Barna Capital has “complete trust” in the current executive management team

Image: Jim Allen/FreightWaves

In an amended 13D filing with the U.S. Securities and Exchange Commission, activist investor Barna Capital Group stated that it was moving forward with previously announced plans to make changes to the YRC Worldwide (NASDAQ: YRCW) board.

Barna Capital is seeking to “replace three members of the board who have not provided the needed guidance for the company to achieve decent operating results.” The firm wants to replace current board seats with “individuals who possess extensive experience in running a successful transportation company.”

In the filing, Barna Capital stated shares of YRCW have fallen more than 90% during the tenure of the unnamed board members that the group is seeking to replace. Additionally, the firm noted that the board was seeking to be paid in cash versus equity-based compensation and that total compensation for board seats has increased more than 200% since those individuals joined the board.

Further, the firm stated that it “would like to see some changes in middle and lower management who will drive better operational results.”

Lastly, Barna Capital reiterated its confidence in the YRC’s executive management team. “We have complete trust in the executive management team and believe that they are on the right track to turn the company towards a brighter future.”

The filing showed that Barna Capital increased its stake in the less-than-truckload carrier to 5.4%, up from 5.2% at the time of the original filing on March 17.

The date of Barna Capital’s original filing was shortly after YRC provided a lackluster intra-quarter update on March 13. In that press release, the carrier announced that tonnage per day had declined 0.7% year-over-year during January and February and that revenue per hundredweight, or yield, was 4.2% lower. The firm noted that YRC’s results, which included both “softer pricing while volumes fell at the same time,” were not as strong as results reported by other carriers.   

The original filing also called out management and the board for failing to “motivate employees, optimize operations and guide the company to strong financial results.”

The proposed board changes do not impact the two seats held by the Teamsters Workers Union.

In an 8-k filing on April 8, YRC disclosed that it had amended its credit agreement.

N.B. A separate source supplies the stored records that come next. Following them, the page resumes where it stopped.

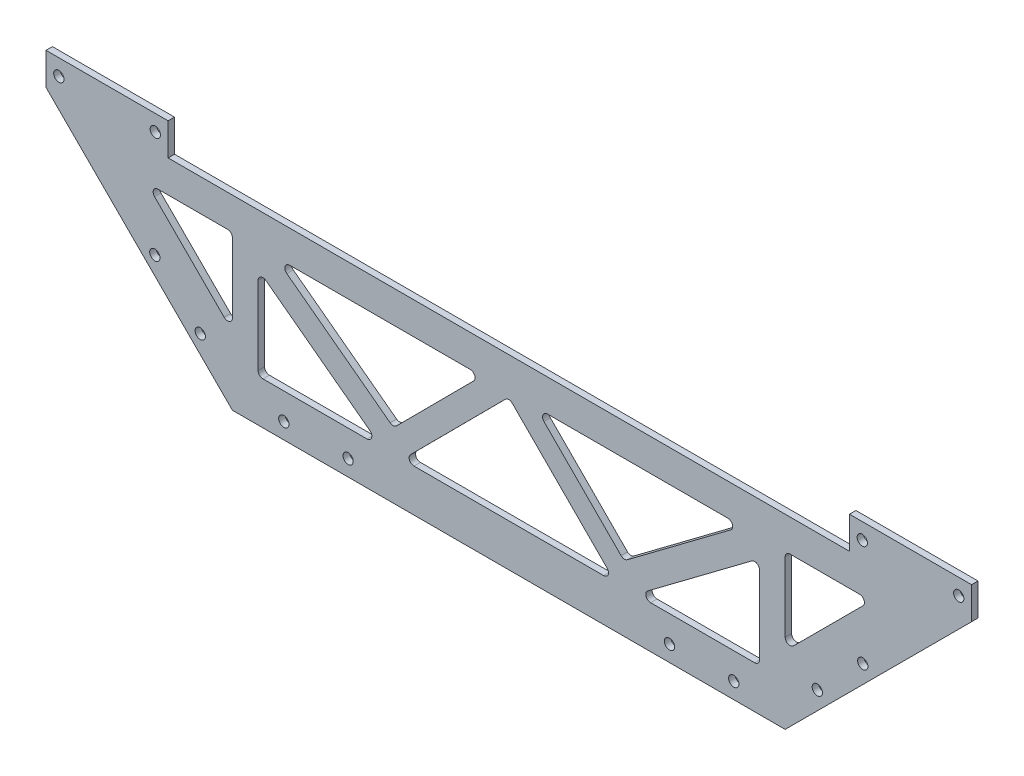
from build123d import *

# Parameters (mm, degrees)
SKETCH_1_R               = 1.6
EXTRUDE_1_DEPTH          = 2
SKETCH_2_R               = 1.6
CUT_EXTRUDE_1_DEPTH      = 156.254629561
SKETCH_3_W               = 288
SKETCH_3_H               = 20
CUT_EXTRUDE_2_DEPTH      = 156.254629561
CUT_EXTRUDE_3_DEPTH      = 156.254629561
CUT_EXTRUDE_3_DEPTH_BACK = 156.254629561


with BuildPart() as part:
    # 草图1 → 凸台-拉伸1 (new body)
    with BuildSketch(Plane.XY):
        Polygon((-106, 30), (-106, 0), (106, 0), (106, 30), (144, 30), (144, 0), (86, -58), (-86, -58), (-144, 0), (-144, 30), align=None)
        with Locations((-140, 25)):
            Circle(SKETCH_1_R, mode=Mode.SUBTRACT)
        with Locations((-110, 25)):
            Circle(SKETCH_1_R, mode=Mode.SUBTRACT)
        with Locations((-110, 5)):
            Circle(SKETCH_1_R, mode=Mode.SUBTRACT)
        with Locations((-140, 5)):
            Circle(SKETCH_1_R, mode=Mode.SUBTRACT)
        with Locations(Location((140, 5, 0), (0, 0, 180))):
            Circle(SKETCH_1_R, mode=Mode.SUBTRACT)
        with Locations(Location((110, 5, 0), (0, 0, 180))):
            Circle(SKETCH_1_R, mode=Mode.SUBTRACT)
        with Locations(Location((110, 25, 0), (0, 0, 180))):
            Circle(SKETCH_1_R, mode=Mode.SUBTRACT)
        with Locations(Location((140, 25, 0), (0, 0, 180))):
            Circle(SKETCH_1_R, mode=Mode.SUBTRACT)
        with Locations((-70, -53)):
            Circle(SKETCH_1_R, mode=Mode.SUBTRACT)
        with Locations((-50, -53)):
            Circle(SKETCH_1_R, mode=Mode.SUBTRACT)
        with Locations(Location((50, -53, 0), (0, 0, 180))):
            Circle(SKETCH_1_R, mode=Mode.SUBTRACT)
        with Locations(Location((70, -53, 0), (0, 0, 180))):
            Circle(SKETCH_1_R, mode=Mode.SUBTRACT)
    extrude(amount=EXTRUDE_1_DEPTH)

    # 草图2 → 切除-拉伸1 (cut, through all)
    with BuildSketch(Plane.XY.offset(2)):
        with Locations((-110.142135624, -28.201010127)):
            Circle(SKETCH_2_R)
        with Locations((-96, -42.343145751)):
            Circle(SKETCH_2_R)
        with Locations(Location((96, -42.343145751, 0), (0, 0, 180))):
            Circle(SKETCH_2_R)
        with Locations(Location((110.142135624, -28.201010127, 0), (0, 0, 180))):
            Circle(SKETCH_2_R)
    extrude(amount=-CUT_EXTRUDE_1_DEPTH, mode=Mode.SUBTRACT)

    # 草图3 → 切除-拉伸2 (cut, through all)
    with BuildSketch(Plane.XY.offset(2)):
        with Locations((0, 20)):
            Rectangle(SKETCH_3_W, SKETCH_3_H)
    extrude(amount=-CUT_EXTRUDE_2_DEPTH, mode=Mode.SUBTRACT)

    # 草图4 → 切除-拉伸3 (cut, two sides: drawn at the far end of the back side and taken through both)
    with BuildSketch(Plane.XY.offset(2).offset(-CUT_EXTRUDE_3_DEPTH_BACK)):
        with BuildLine():
            Line((-110.226136393, -12.560660172), (-88.560660172, -34.226136393))
            ThreePointArc((-88.560660172, -34.226136393), (-86.925974851, -34.55129552), (-86, -33.165476221))
            Line((-86, -33.165476221), (-86, -11.5))
            ThreePointArc((-86, -11.5), (-86.439339828, -10.439339828), (-87.5, -10))
            Line((-87.5, -10), (-109.165476221, -10))
            ThreePointArc((-109.165476221, -10), (-110.55129552, -10.925974851), (-110.226136393, -12.560660172))
        make_face()
        with BuildLine():
            Line((-78, -19), (-78, -43.286796564))
            ThreePointArc((-78, -43.286796564), (-77.560660172, -44.347456736), (-76.5, -44.786796564))
            Line((-76.5, -44.786796564), (-44.117604581, -44.786796564))
            ThreePointArc((-44.117604581, -44.786796564), (-42.694579634, -43.761138213), (-43.217604581, -42.086796564))
            Line((-43.217604581, -42.086796564), (-75.6, -17.8))
            ThreePointArc((-75.6, -17.8), (-77.170820393, -17.658359214), (-78, -19))
        make_face()
        with BuildLine():
            Line((-68.166666667, -10), (-12, -10))
            ThreePointArc((-12, -10), (-10.614927355, -10.924175575), (-10.936588454, -12.557901642))
            Line((-10.936588454, -12.557901642), (-34.936588454, -36.682901642))
            ThreePointArc((-34.936588454, -36.682901642), (-35.891723413, -37.121086956), (-36.9, -36.825))
            Line((-36.9, -36.825), (-69.066666667, -12.7))
            ThreePointArc((-69.066666667, -12.7), (-69.589691614, -11.025658351), (-68.166666667, -10))
        make_face()
        with BuildLine():
            Line((36.9, -36.825), (69.066666667, -12.7))
            ThreePointArc((69.066666667, -12.7), (69.589691614, -11.025658351), (68.166666667, -10))
            Line((68.166666667, -10), (12, -10))
            ThreePointArc((12, -10), (10.614927355, -10.924175575), (10.936588454, -12.557901642))
            Line((10.936588454, -12.557901642), (34.936588454, -36.682901642))
            ThreePointArc((34.936588454, -36.682901642), (35.891723413, -37.121086956), (36.9, -36.825))
        make_face()
        with BuildLine():
            Line((43.217604581, -42.086796564), (75.6, -17.8))
            ThreePointArc((75.6, -17.8), (77.170820393, -17.658359214), (78, -19))
            Line((78, -19), (78, -43.286796564))
            ThreePointArc((78, -43.286796564), (77.560660172, -44.347456736), (76.5, -44.786796564))
            Line((76.5, -44.786796564), (44.117604581, -44.786796564))
            ThreePointArc((44.117604581, -44.786796564), (42.694579634, -43.761138213), (43.217604581, -42.086796564))
        make_face()
        with BuildLine():
            Line((87.5, -10), (109.165476221, -10))
            ThreePointArc((109.165476221, -10), (110.55129552, -10.925974851), (110.226136393, -12.560660172))
            Line((110.226136393, -12.560660172), (88.560660172, -34.226136393))
            ThreePointArc((88.560660172, -34.226136393), (86.925974851, -34.55129552), (86, -33.165476221))
            Line((86, -33.165476221), (86, -11.5))
            ThreePointArc((86, -11.5), (86.439339828, -10.439339828), (87.5, -10))
        make_face()
        with BuildLine():
            Line((-30.579964135, -42.228894923), (-1.063411546, -12.558610289))
            ThreePointArc((-1.063411546, -12.558610289), (0, -12.116511931), (1.063411546, -12.558610289))
            Line((1.063411546, -12.558610289), (30.579964135, -42.228894923))
            ThreePointArc((30.579964135, -42.228894923), (30.901625233, -43.86262099), (29.516552589, -44.786796564))
            Line((29.516552589, -44.786796564), (-29.516552589, -44.786796564))
            ThreePointArc((-29.516552589, -44.786796564), (-30.901625233, -43.86262099), (-30.579964135, -42.228894923))
        make_face()
    extrude(amount=CUT_EXTRUDE_3_DEPTH + CUT_EXTRUDE_3_DEPTH_BACK, mode=Mode.SUBTRACT)


solid = part.part

A key provision in the amendment is the waiver of a financial covenant for the remainder of 2020, requiring last 12 months’ consolidated earnings before interest, taxes, depreciation and amortization (EBITDA) of $200 million.

YRC’s fourth quarter financial release showed the carrier generated $210.6 million in 2019 adjusted EBITDA, ending the year with $902.8 million in debt. The carrier closed the books on 2019 with $80.4 million in liquidity compared to $203.8 million at the end of 2018.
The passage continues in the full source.